**What is needed**: Only lines containing "size" belong in the answer, each copied from the entries below.

(Dataset items)
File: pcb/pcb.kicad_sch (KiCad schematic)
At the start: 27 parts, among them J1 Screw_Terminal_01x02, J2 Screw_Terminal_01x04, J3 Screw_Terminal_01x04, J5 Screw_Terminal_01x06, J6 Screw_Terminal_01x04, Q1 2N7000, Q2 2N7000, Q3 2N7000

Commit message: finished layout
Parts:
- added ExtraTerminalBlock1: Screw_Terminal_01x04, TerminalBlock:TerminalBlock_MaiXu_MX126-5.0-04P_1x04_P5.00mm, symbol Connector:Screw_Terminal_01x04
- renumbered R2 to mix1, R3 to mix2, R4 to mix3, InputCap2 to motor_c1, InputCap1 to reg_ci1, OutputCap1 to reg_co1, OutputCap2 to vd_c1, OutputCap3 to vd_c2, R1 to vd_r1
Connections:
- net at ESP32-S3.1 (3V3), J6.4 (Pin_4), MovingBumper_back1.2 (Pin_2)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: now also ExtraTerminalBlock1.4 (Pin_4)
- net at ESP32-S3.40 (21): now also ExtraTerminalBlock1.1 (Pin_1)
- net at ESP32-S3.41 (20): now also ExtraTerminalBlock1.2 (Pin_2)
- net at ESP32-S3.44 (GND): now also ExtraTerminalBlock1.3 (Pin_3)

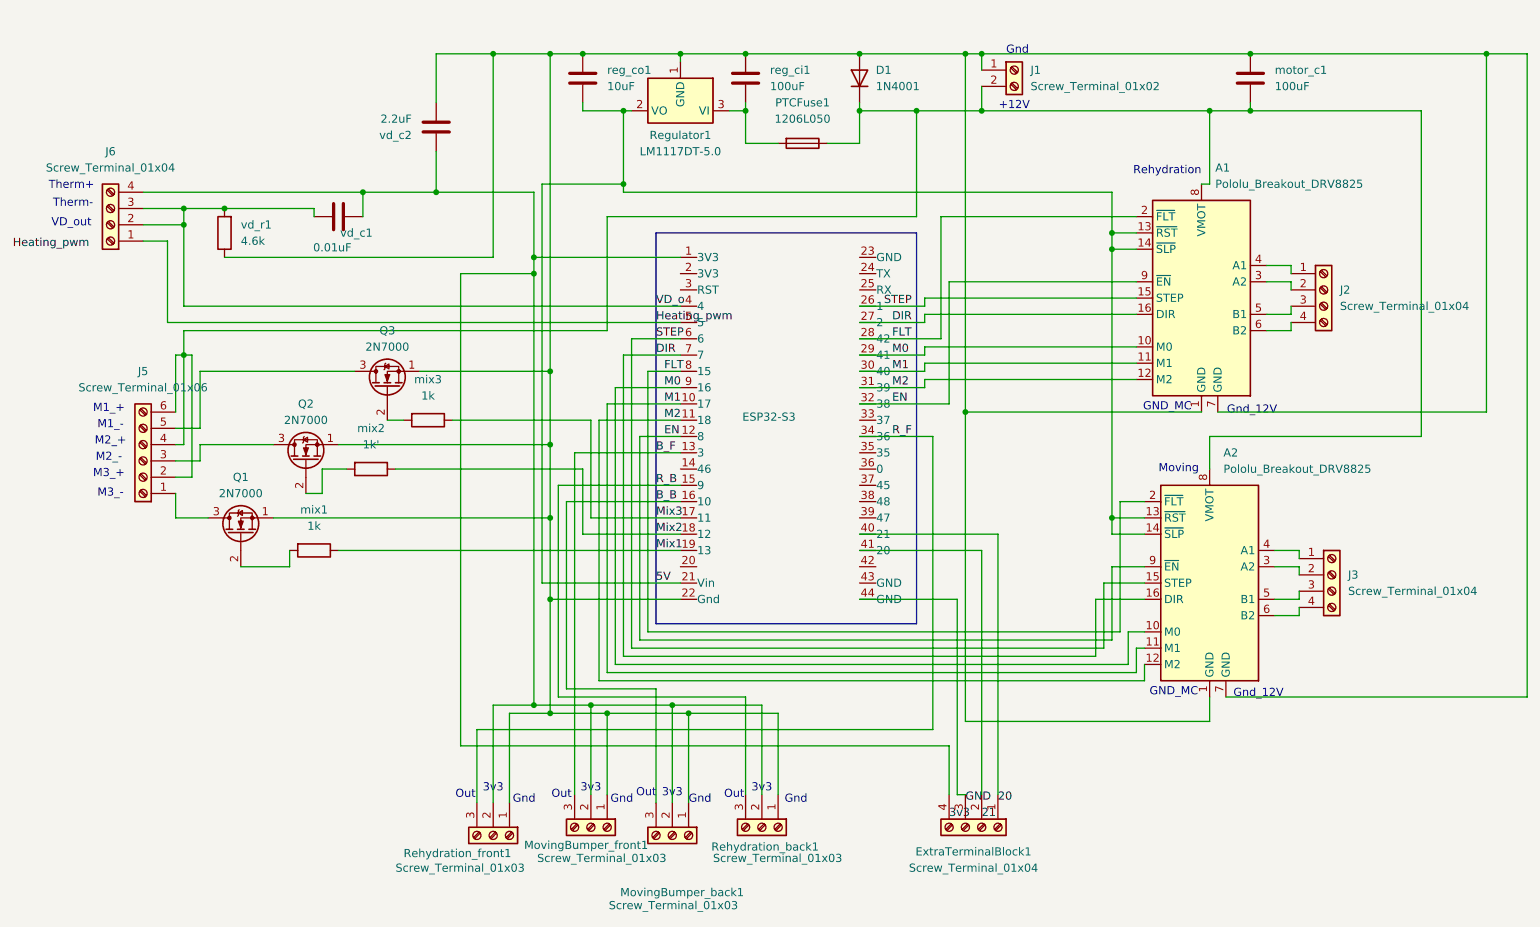
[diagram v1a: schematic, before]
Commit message: edit names of blocks
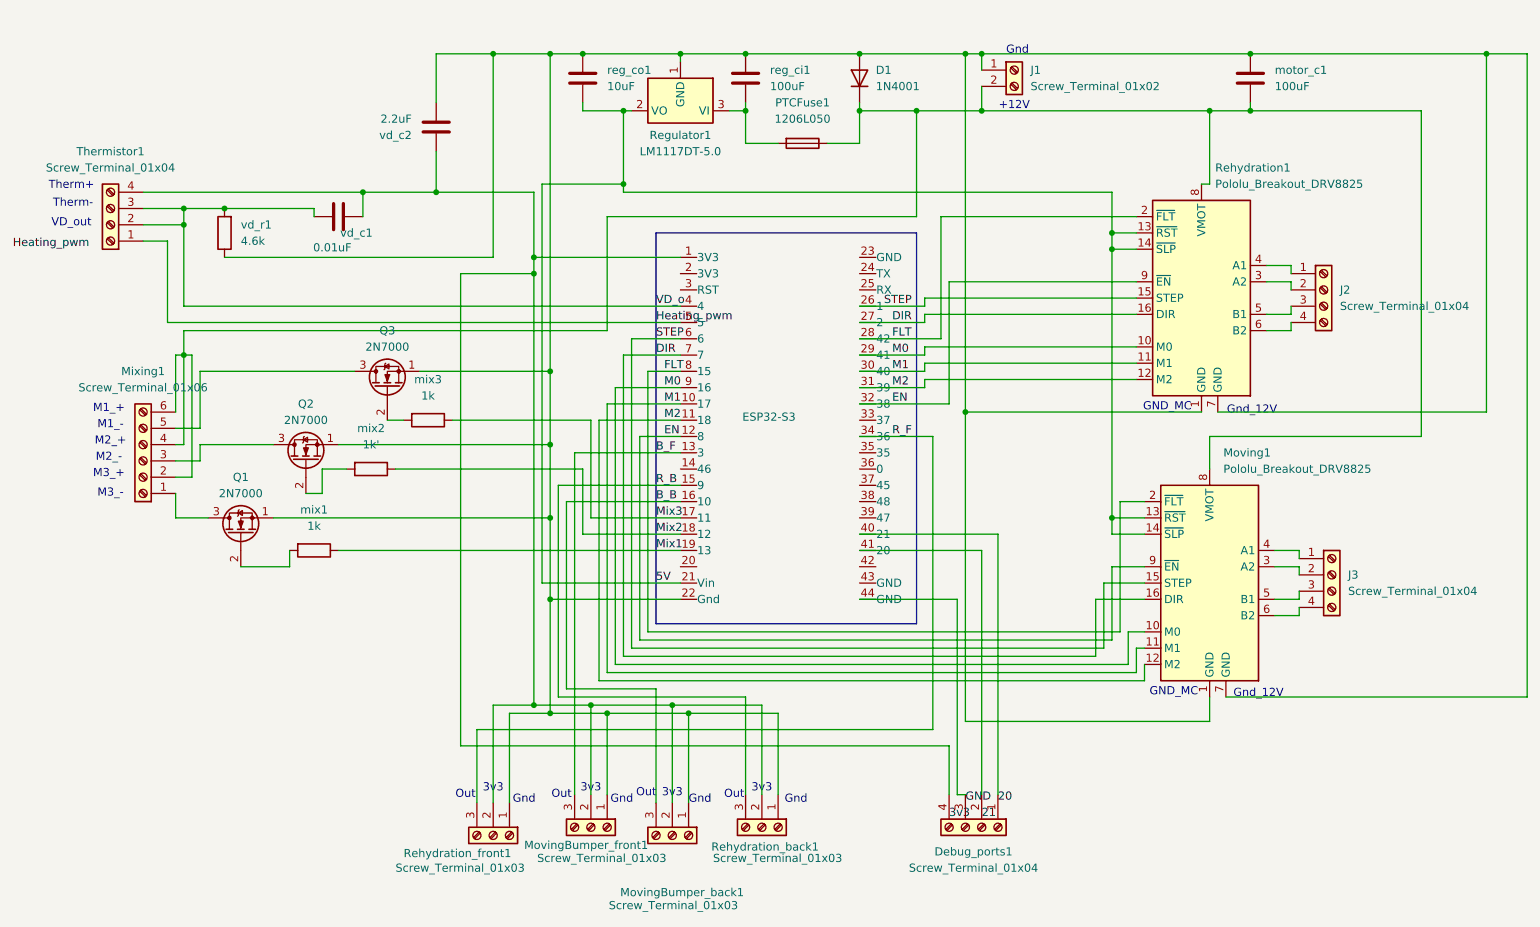
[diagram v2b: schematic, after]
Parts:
- renumbered ExtraTerminalBlock1 to Debug_ports1, J5 to Mixing1, A2 to Moving1, A1 to Rehydration1, J6 to Thermistor1
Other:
- note removed: "Moving"
- note removed: "Rehydration"
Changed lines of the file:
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@@
 		)
 	)
-	(text "Rehydration\n"
-		(exclude_from_sim no)
-		(at 220.726 42.418 0)
-		(effects
-			(font
-				(size 1.27 1.27)
-			)
-		)
-	)
 	(text "3v3"
 		(exclude_from_sim no)
@@
 		)
 	)
-	(text "Moving\n"
-		(exclude_from_sim no)
-		(at 222.504 88.9 0)
-		(effects
-			(font
-				(size 1.27 1.27)
-			)
-		)
-	)
 	(text "M2_+"
 		(exclude_from_sim no)
@@
 		(dnp no)
 		(fields_autoplaced yes)
-		(property "Reference" "J6"
+		(property "Reference" "Thermistor1"
 			(at 55.88 39.37 0)
 			(effects
@@
 			(project ""
 				(path "/5b8f4b4b-fd94-4673-8b66-f0a593fc8259"
-					(reference "J6")
+					(reference "Thermistor1")
 					(unit 1)
 				)
@@
 		(dnp no)
 		(fields_autoplaced yes)
-		(property "Reference" "A2"
+		(property "Reference" "Moving1"
 			(at 229.4733 86.36 0)
 			(effects
@@
 			(project "pcb"
 				(path "/5b8f4b4b-fd94-4673-8b66-f0a593fc8259"
-					(reference "A2")
+					(reference "Moving1")
 					(unit 1)
 				)
@@
 		(dnp no)
 		(fields_autoplaced yes)
-		(property "Reference" "A1"
+		(property "Reference" "Rehydration1"
 			(at 228.2033 41.91 0)
 			(effects
@@
 			(project ""
 				(path "/5b8f4b4b-fd94-4673-8b66-f0a593fc8259"
-					(reference "A1")
+					(reference "Rehydration1")
 					(unit 1)
 				)
@@
 		(dnp no)
 		(fields_autoplaced yes)
-		(property "Reference" "ExtraTerminalBlock1"
+		(property "Reference" "Debug_ports1"
 			(at 190.5 148.59 90)
 			(effects
@@
 			(project ""
 				(path "/5b8f4b4b-fd94-4673-8b66-f0a593fc8259"
-					(reference "ExtraTerminalBlock1")
+					(reference "Debug_ports1")
 					(unit 1)
 				)
@@
 		(dnp no)
 		(fields_autoplaced yes)
-		(property "Reference" "J5"
+		(property "Reference" "Mixing1"
 			(at 60.96 73.66 0)
 			(effects
@@
 			(project ""
 				(path "/5b8f4b4b-fd94-4673-8b66-f0a593fc8259"
-					(reference "J5")
+					(reference "Mixing1")
 					(unit 1)
 				)

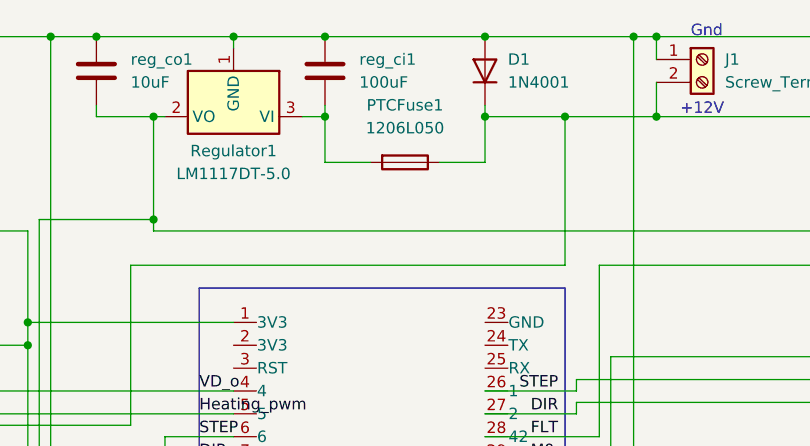
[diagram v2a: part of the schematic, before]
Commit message: forgot to pull, gonna force push this. I changed everything to through holes so we can soulder easier, added the board info onto pcb
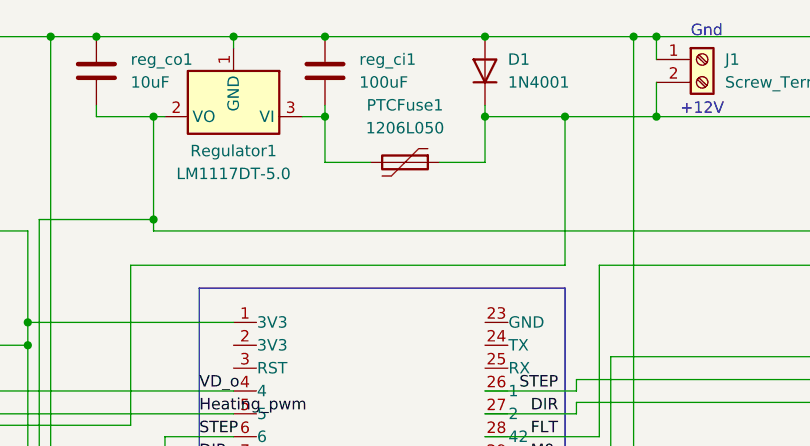
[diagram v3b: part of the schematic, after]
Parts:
- PTCFuse1: footprint Resistor_SMD:R_1206_3216Metric -> Fuse:Fuse_1206_3216Metric_Pad1.42x1.75mm_HandSolder; symbol Device:Fuse -> Device:Polyfuse
- mix1, mix2, mix3, vd_r1: footprint Resistor_SMD:R_0805_2012Metric -> Resistor_THT:R_Axial_DIN0207_L6.3mm_D2.5mm_P7.62mm_Horizontal
- motor_c1, reg_ci1: footprint Capacitor_SMD:C_0805_2012Metric -> Capacitor_THT:CP_Radial_D6.3mm_P2.50mm
- reg_co1, vd_c2: footprint Capacitor_SMD:C_0805_2012Metric -> Capacitor_THT:CP_Radial_D5.0mm_P2.50mm
- vd_c1: footprint Capacitor_SMD:C_0805_2012Metric -> Capacitor_THT:C_Disc_D3.0mm_W1.6mm_P2.50mm
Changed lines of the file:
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@@
 			)
 		)
-		(property "Footprint" "Resistor_SMD:R_0805_2012Metric"
+		(property "Footprint" "Resistor_THT:R_Axial_DIN0207_L6.3mm_D2.5mm_P7.62mm_Horizontal"
 			(at 87.63 99.822 90)
 			(effects
@@
 			)
 		)
-		(property "Footprint" "Resistor_SMD:R_0805_2012Metric"
+		(property "Footprint" "Resistor_THT:R_Axial_DIN0207_L6.3mm_D2.5mm_P7.62mm_Horizontal"
 			(at 96.52 87.122 90)
 			(effects
@@
 	)
 	(symbol
-		(lib_id "Device:Fuse")
+		(lib_id "Device:Polyfuse")
 		(at 163.83 38.1 270)
 		(unit 1)
@@
 			)
 		)
-		(property "Footprint" "Resistor_SMD:R_1206_3216Metric"
-			(at 163.83 36.322 90)
-			(effects
-				(font
-					(size 1.27 1.27)
-				)
+		(property "Footprint" "Fuse:Fuse_1206_3216Metric_Pad1.42x1.75mm_HandSolder"
+			(at 158.75 39.37 0)
+			(effects
+				(font
+					(size 1.27 1.27)
+				)
+				(justify left)
 				(hide yes)
 			)
@@
 			)
 		)
-		(property "Description" "Fuse"
+		(property "Description" "Resettable fuse, polymeric positive temperature coefficient"
 			(at 163.83 38.1 0)
 			(effects
@@
 			)
 		)
-		(property "Footprint" "Capacitor_SMD:C_0805_2012Metric"
+		(property "Footprint" "Capacitor_THT:CP_Radial_D5.0mm_P2.50mm"
 			(at 130.5052 31.75 0)
 			(effects
@@
 			)
 		)
-		(property "Footprint" "Resistor_SMD:R_0805_2012Metric"
+		(property "Footprint" "Resistor_THT:R_Axial_DIN0207_L6.3mm_D2.5mm_P7.62mm_Horizontal"
 			(at 75.438 52.07 90)
 			(effects
@@
 			)
 		)
-		(property "Footprint" "Capacitor_SMD:C_0805_2012Metric"
+		(property "Footprint" "Capacitor_THT:CP_Radial_D6.3mm_P2.50mm"
 			(at 155.9052 31.75 0)
 			(effects
@@
 			)
 		)
-		(property "Footprint" "Resistor_SMD:R_0805_2012Metric"
+		(property "Footprint" "Resistor_THT:R_Axial_DIN0207_L6.3mm_D2.5mm_P7.62mm_Horizontal"
 			(at 105.41 79.502 90)
 			(effects
@@
 			)
 		)
-		(property "Footprint" "Capacitor_SMD:C_0805_2012Metric"
+		(property "Footprint" "Capacitor_THT:CP_Radial_D6.3mm_P2.50mm"
 			(at 234.6452 31.75 0)
 			(effects
@@
 			)
 		)
-		(property "Footprint" "Capacitor_SMD:C_0805_2012Metric"
+		(property "Footprint" "Capacitor_THT:C_Disc_D3.0mm_W1.6mm_P2.50mm"
 			(at 95.25 48.5648 0)
 			(effects
@@
 			)
 		)
-		(property "Footprint" "Capacitor_SMD:C_0805_2012Metric"
+		(property "Footprint" "Capacitor_THT:CP_Radial_D5.0mm_P2.50mm"
 			(at 105.7148 31.75 0)
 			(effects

**Solution**:
-				(size 1.27 1.27)
-				(size 1.27 1.27)
-					(size 1.27 1.27)
+					(size 1.27 1.27)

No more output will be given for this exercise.